#### Exercise inputs
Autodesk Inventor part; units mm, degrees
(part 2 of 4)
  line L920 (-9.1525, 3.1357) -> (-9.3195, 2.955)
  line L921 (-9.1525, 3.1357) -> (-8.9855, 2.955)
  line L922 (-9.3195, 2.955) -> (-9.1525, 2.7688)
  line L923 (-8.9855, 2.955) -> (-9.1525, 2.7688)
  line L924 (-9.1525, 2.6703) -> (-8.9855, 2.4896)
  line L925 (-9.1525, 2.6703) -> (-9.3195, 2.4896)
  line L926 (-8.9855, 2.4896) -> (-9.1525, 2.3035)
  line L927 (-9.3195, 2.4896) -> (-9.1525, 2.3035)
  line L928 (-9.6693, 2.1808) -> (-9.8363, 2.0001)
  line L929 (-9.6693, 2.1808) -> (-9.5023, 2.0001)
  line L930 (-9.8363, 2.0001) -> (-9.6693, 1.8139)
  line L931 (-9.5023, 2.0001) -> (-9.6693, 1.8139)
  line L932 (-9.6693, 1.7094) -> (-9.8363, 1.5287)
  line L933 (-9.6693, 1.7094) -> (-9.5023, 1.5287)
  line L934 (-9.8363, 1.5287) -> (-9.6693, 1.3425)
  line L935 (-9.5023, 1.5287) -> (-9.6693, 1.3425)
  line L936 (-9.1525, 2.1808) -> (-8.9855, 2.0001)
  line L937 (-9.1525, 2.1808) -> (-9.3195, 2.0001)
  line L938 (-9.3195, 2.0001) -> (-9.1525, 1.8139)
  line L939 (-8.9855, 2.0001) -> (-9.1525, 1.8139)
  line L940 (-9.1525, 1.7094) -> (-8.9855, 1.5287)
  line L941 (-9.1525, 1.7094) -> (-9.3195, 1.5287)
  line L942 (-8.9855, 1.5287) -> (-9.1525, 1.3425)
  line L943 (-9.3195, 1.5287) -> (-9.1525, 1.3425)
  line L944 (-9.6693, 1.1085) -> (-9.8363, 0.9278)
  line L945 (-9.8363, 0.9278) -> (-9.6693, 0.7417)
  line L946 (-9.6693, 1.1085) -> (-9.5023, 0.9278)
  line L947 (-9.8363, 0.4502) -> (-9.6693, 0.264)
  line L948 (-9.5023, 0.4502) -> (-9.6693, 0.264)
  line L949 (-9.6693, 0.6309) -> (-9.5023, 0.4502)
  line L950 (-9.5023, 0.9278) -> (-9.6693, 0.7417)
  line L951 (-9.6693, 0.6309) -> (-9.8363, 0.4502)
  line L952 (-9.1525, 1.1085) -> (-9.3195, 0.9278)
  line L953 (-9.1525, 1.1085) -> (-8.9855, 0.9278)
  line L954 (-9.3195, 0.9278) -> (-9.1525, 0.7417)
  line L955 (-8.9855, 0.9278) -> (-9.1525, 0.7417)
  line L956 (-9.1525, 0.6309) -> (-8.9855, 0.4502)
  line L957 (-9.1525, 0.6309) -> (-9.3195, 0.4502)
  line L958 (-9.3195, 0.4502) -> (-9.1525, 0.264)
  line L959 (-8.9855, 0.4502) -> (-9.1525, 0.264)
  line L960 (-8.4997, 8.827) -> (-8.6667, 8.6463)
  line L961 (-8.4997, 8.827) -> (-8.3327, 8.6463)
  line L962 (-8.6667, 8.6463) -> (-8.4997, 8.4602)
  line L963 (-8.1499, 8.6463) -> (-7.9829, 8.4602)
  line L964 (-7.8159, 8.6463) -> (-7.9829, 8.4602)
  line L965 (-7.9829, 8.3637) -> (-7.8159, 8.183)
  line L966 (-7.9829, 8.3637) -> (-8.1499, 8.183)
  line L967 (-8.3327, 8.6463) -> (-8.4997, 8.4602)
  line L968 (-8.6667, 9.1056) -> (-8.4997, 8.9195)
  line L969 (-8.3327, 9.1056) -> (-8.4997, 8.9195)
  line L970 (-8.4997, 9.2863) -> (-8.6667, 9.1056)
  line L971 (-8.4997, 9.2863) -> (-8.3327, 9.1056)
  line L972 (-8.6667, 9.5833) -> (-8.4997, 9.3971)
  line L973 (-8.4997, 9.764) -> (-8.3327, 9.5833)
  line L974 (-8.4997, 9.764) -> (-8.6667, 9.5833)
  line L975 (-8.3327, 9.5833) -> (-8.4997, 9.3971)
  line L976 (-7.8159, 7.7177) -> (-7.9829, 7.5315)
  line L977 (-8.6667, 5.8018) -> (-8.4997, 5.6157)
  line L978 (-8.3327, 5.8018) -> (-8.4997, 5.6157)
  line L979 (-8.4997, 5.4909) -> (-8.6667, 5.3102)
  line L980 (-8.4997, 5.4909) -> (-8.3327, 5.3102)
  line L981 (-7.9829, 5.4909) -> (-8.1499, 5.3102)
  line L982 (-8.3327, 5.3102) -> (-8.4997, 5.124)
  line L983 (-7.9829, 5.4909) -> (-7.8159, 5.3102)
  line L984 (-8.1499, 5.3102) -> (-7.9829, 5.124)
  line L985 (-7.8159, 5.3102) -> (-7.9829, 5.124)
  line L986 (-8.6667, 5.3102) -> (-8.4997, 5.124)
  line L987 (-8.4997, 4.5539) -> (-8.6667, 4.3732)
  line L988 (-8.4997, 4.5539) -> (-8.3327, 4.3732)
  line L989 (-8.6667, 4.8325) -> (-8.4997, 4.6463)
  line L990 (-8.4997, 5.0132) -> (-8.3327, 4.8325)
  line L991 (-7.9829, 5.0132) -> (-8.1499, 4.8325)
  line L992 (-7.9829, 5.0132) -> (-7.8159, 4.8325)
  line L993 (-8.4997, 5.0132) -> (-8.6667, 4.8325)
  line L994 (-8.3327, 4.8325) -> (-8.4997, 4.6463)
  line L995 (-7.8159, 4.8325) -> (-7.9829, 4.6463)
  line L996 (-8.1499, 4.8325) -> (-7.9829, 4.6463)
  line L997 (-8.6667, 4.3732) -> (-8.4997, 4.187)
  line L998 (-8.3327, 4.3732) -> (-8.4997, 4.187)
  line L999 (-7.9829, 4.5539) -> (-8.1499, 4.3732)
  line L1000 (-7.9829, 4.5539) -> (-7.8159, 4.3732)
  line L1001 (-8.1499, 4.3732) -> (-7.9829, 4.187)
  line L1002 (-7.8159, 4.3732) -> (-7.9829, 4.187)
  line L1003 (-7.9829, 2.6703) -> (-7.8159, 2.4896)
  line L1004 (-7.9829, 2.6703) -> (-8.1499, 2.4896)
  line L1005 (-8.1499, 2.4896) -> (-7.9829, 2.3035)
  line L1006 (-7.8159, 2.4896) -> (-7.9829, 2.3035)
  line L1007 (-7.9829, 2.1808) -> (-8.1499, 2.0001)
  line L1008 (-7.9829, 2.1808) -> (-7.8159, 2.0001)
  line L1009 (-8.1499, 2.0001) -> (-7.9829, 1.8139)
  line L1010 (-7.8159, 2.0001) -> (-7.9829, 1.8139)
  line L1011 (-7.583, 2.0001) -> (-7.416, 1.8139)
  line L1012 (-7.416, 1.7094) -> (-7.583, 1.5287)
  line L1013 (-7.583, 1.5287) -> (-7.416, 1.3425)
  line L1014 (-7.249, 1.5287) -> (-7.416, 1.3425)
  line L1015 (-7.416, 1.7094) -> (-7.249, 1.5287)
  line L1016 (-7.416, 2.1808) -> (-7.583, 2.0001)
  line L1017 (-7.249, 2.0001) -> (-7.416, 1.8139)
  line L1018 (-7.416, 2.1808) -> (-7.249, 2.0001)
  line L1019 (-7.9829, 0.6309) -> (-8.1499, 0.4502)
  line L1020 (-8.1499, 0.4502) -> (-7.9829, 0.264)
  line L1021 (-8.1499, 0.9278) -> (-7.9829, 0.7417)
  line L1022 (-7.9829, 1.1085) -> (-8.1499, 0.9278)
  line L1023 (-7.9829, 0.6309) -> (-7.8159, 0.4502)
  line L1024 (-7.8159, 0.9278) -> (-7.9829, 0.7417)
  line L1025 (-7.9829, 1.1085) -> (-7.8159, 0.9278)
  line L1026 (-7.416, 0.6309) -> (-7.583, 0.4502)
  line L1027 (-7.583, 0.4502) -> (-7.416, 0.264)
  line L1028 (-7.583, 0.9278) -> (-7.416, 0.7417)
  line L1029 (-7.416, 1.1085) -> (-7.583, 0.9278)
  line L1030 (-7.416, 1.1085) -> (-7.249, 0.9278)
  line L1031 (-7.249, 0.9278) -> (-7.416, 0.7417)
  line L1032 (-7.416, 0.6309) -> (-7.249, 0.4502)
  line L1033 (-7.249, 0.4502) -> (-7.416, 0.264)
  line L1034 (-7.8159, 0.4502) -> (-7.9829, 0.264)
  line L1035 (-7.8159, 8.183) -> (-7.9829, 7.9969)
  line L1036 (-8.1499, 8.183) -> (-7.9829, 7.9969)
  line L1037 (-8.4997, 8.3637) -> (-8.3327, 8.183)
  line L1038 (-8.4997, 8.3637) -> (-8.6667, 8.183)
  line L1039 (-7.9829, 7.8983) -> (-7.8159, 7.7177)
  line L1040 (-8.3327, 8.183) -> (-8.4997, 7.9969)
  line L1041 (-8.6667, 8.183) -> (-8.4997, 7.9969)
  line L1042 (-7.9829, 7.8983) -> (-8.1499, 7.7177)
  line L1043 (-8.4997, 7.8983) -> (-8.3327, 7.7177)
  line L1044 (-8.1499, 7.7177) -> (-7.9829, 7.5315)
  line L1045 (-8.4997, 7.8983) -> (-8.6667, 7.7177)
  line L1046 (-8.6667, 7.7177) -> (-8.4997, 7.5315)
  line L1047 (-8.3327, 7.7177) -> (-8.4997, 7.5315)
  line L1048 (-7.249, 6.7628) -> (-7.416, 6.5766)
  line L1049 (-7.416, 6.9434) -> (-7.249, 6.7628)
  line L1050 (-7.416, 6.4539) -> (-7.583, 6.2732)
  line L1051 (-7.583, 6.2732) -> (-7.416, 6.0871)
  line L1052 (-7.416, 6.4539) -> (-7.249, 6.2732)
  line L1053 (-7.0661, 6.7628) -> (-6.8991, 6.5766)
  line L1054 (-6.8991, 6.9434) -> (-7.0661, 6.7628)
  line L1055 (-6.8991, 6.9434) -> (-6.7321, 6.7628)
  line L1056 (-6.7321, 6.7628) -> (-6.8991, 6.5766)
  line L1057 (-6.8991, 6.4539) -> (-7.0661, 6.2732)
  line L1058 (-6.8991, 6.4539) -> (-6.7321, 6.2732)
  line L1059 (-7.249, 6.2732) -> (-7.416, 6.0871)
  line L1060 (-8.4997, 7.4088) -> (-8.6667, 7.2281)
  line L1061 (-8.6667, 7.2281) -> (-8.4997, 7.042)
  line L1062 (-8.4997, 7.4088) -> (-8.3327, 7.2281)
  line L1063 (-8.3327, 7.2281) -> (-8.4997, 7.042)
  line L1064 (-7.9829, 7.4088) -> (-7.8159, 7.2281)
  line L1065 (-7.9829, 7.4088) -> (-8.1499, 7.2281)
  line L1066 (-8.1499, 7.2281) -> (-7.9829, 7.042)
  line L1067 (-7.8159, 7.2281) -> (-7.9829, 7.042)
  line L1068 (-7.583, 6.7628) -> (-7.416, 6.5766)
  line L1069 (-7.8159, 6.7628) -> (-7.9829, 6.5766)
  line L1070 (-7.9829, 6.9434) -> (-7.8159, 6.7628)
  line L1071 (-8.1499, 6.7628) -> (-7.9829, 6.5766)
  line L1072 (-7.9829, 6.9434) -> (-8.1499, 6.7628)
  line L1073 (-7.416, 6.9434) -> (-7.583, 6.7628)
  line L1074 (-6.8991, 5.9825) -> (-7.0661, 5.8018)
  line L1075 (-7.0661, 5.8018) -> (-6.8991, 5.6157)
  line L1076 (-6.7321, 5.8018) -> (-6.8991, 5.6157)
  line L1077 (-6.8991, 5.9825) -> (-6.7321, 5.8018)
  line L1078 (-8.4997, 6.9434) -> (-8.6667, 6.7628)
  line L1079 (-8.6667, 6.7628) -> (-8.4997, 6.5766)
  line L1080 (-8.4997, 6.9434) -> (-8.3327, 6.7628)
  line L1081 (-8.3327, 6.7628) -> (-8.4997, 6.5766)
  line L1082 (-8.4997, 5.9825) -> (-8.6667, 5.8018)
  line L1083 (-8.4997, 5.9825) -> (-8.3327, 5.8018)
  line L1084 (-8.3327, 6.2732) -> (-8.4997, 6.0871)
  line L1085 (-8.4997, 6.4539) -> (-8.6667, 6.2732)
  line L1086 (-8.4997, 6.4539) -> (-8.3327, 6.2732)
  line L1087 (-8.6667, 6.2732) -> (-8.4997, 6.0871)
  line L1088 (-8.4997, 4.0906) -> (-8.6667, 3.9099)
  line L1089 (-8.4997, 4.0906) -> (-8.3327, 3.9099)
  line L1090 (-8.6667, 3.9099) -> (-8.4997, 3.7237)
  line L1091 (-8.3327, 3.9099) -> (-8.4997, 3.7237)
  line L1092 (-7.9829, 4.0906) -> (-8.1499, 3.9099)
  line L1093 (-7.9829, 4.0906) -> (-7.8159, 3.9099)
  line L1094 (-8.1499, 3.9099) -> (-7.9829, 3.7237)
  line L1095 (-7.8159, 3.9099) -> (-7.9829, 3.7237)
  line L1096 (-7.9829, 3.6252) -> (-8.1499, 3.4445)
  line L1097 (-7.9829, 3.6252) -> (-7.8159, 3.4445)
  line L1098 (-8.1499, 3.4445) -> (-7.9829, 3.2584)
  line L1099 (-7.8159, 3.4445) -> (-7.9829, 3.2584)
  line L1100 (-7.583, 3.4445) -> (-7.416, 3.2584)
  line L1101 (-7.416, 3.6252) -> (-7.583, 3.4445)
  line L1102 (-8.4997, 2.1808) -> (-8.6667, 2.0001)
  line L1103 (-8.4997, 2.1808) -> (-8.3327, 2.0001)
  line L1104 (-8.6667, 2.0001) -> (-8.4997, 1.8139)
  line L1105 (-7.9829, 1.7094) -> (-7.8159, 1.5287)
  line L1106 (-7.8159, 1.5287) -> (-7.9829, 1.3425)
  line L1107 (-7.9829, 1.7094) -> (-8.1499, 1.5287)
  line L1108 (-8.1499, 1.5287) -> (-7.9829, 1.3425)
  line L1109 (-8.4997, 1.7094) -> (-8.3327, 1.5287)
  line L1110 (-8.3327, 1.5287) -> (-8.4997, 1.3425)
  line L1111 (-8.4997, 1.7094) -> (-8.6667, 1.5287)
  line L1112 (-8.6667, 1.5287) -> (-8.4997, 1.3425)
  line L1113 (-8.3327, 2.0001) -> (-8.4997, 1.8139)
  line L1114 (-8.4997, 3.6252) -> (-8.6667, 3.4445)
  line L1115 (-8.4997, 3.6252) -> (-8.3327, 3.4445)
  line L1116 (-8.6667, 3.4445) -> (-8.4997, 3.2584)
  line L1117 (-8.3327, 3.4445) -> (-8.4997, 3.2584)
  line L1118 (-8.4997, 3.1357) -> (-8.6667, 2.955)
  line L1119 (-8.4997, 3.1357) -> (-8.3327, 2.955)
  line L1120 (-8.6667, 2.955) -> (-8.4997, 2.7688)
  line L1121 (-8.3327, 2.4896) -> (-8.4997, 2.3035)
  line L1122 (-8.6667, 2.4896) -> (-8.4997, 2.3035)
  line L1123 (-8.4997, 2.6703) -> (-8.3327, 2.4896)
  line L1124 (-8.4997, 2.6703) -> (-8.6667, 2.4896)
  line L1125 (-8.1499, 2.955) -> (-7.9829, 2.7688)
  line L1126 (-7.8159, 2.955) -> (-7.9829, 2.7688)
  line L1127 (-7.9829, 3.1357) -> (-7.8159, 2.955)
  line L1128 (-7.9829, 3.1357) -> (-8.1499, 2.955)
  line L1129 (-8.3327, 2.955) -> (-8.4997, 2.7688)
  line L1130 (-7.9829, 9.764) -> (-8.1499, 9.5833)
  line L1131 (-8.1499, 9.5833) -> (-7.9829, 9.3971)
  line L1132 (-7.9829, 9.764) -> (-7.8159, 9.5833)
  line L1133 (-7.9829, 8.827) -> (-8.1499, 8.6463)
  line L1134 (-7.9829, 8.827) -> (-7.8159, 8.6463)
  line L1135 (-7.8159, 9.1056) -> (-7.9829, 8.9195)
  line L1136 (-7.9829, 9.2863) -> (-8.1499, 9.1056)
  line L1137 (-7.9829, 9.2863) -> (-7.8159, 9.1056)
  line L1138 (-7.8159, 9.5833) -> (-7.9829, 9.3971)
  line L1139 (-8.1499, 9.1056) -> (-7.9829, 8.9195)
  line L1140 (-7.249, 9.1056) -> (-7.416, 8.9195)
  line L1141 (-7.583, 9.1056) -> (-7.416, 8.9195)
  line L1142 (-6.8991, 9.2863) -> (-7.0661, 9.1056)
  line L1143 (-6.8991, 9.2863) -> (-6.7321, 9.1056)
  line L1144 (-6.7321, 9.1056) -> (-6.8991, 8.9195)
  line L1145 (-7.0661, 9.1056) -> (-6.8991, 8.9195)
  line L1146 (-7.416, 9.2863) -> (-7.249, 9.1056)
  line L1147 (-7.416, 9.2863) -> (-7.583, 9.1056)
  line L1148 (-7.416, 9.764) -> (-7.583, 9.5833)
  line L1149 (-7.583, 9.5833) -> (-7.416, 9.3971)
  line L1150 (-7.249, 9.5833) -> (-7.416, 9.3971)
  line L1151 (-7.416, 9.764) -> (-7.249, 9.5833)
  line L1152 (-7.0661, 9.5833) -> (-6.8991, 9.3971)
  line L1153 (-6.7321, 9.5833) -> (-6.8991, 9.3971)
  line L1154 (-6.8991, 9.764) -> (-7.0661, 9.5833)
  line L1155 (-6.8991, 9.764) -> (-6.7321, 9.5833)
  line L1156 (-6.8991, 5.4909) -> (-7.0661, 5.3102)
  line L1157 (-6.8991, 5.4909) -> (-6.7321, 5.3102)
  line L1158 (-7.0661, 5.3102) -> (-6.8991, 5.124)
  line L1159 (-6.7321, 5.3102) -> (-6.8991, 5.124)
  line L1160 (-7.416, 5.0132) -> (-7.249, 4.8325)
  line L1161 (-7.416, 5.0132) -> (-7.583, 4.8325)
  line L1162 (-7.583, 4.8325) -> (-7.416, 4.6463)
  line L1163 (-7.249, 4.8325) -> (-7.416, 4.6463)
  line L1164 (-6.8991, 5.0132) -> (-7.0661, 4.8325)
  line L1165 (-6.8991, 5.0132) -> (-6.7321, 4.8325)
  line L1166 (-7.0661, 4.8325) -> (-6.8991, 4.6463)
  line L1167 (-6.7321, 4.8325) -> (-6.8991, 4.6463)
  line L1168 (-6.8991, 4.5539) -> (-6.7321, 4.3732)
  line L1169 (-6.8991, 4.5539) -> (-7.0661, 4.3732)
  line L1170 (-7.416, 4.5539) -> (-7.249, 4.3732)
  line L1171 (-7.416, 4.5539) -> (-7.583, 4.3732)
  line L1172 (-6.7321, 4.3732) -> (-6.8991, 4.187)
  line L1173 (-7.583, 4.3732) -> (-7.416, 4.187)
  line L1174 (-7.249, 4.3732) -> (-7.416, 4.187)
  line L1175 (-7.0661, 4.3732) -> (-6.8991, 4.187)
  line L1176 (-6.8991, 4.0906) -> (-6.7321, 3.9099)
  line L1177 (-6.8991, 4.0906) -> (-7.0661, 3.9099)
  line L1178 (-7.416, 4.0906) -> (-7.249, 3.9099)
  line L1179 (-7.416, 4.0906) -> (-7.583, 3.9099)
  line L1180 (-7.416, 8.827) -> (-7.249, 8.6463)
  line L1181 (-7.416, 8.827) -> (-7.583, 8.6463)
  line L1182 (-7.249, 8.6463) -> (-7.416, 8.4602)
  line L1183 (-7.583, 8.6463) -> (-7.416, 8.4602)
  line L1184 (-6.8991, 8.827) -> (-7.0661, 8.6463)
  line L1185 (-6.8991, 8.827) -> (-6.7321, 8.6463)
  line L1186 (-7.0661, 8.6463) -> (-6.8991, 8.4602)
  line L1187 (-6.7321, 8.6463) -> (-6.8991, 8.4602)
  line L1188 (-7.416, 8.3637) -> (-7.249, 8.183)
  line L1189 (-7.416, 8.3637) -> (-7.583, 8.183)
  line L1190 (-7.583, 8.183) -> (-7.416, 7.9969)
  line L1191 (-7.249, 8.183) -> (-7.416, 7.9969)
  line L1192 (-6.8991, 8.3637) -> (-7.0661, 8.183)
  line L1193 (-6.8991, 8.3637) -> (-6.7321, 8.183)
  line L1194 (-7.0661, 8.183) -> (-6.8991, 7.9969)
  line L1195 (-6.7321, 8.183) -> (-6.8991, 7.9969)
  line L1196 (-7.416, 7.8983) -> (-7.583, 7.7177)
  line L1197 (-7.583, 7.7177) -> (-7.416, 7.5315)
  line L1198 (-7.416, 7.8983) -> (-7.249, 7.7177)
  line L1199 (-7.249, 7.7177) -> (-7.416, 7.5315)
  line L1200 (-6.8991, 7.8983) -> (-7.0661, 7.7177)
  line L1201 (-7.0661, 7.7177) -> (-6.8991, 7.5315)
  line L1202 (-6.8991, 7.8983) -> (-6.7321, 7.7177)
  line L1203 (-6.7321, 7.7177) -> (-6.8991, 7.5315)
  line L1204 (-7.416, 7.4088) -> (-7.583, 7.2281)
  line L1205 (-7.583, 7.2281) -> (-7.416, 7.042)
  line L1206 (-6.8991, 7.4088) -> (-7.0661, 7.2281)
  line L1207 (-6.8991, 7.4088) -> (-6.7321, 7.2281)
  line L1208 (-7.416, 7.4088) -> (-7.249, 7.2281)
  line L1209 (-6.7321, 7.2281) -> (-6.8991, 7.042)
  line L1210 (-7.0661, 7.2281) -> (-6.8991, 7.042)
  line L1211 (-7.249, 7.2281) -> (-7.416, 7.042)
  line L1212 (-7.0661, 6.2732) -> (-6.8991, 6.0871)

#### Prompt
Copy out, exactly and alone, the lines of the entries above between the ones holding "line L1013 (-7.583, 1.5287)" and "line L1049 (-7.416, 6.9434)", inclusive.

#### Result of the exercise
  line L1013 (-7.583, 1.5287) -> (-7.416, 1.3425)
  line L1014 (-7.249, 1.5287) -> (-7.416, 1.3425)
  line L1015 (-7.416, 1.7094) -> (-7.249, 1.5287)
  line L1016 (-7.416, 2.1808) -> (-7.583, 2.0001)
  line L1017 (-7.249, 2.0001) -> (-7.416, 1.8139)
  line L1018 (-7.416, 2.1808) -> (-7.249, 2.0001)
  line L1019 (-7.9829, 0.6309) -> (-8.1499, 0.4502)
  line L1020 (-8.1499, 0.4502) -> (-7.9829, 0.264)
  line L1021 (-8.1499, 0.9278) -> (-7.9829, 0.7417)
  line L1022 (-7.9829, 1.1085) -> (-8.1499, 0.9278)
  line L1023 (-7.9829, 0.6309) -> (-7.8159, 0.4502)
  line L1024 (-7.8159, 0.9278) -> (-7.9829, 0.7417)
  line L1025 (-7.9829, 1.1085) -> (-7.8159, 0.9278)
  line L1026 (-7.416, 0.6309) -> (-7.583, 0.4502)
  line L1027 (-7.583, 0.4502) -> (-7.416, 0.264)
  line L1028 (-7.583, 0.9278) -> (-7.416, 0.7417)
  line L1029 (-7.416, 1.1085) -> (-7.583, 0.9278)
  line L1030 (-7.416, 1.1085) -> (-7.249, 0.9278)
  line L1031 (-7.249, 0.9278) -> (-7.416, 0.7417)
  line L1032 (-7.416, 0.6309) -> (-7.249, 0.4502)
  line L1033 (-7.249, 0.4502) -> (-7.416, 0.264)
  line L1034 (-7.8159, 0.4502) -> (-7.9829, 0.264)
  line L1035 (-7.8159, 8.183) -> (-7.9829, 7.9969)
  line L1036 (-8.1499, 8.183) -> (-7.9829, 7.9969)
  line L1037 (-8.4997, 8.3637) -> (-8.3327, 8.183)
  line L1038 (-8.4997, 8.3637) -> (-8.6667, 8.183)
  line L1039 (-7.9829, 7.8983) -> (-7.8159, 7.7177)
  line L1040 (-8.3327, 8.183) -> (-8.4997, 7.9969)
  line L1041 (-8.6667, 8.183) -> (-8.4997, 7.9969)
  line L1042 (-7.9829, 7.8983) -> (-8.1499, 7.7177)
  line L1043 (-8.4997, 7.8983) -> (-8.3327, 7.7177)
  line L1044 (-8.1499, 7.7177) -> (-7.9829, 7.5315)
  line L1045 (-8.4997, 7.8983) -> (-8.6667, 7.7177)
  line L1046 (-8.6667, 7.7177) -> (-8.4997, 7.5315)
  line L1047 (-8.3327, 7.7177) -> (-8.4997, 7.5315)
  line L1048 (-7.249, 6.7628) -> (-7.416, 6.5766)
  line L1049 (-7.416, 6.9434) -> (-7.249, 6.7628)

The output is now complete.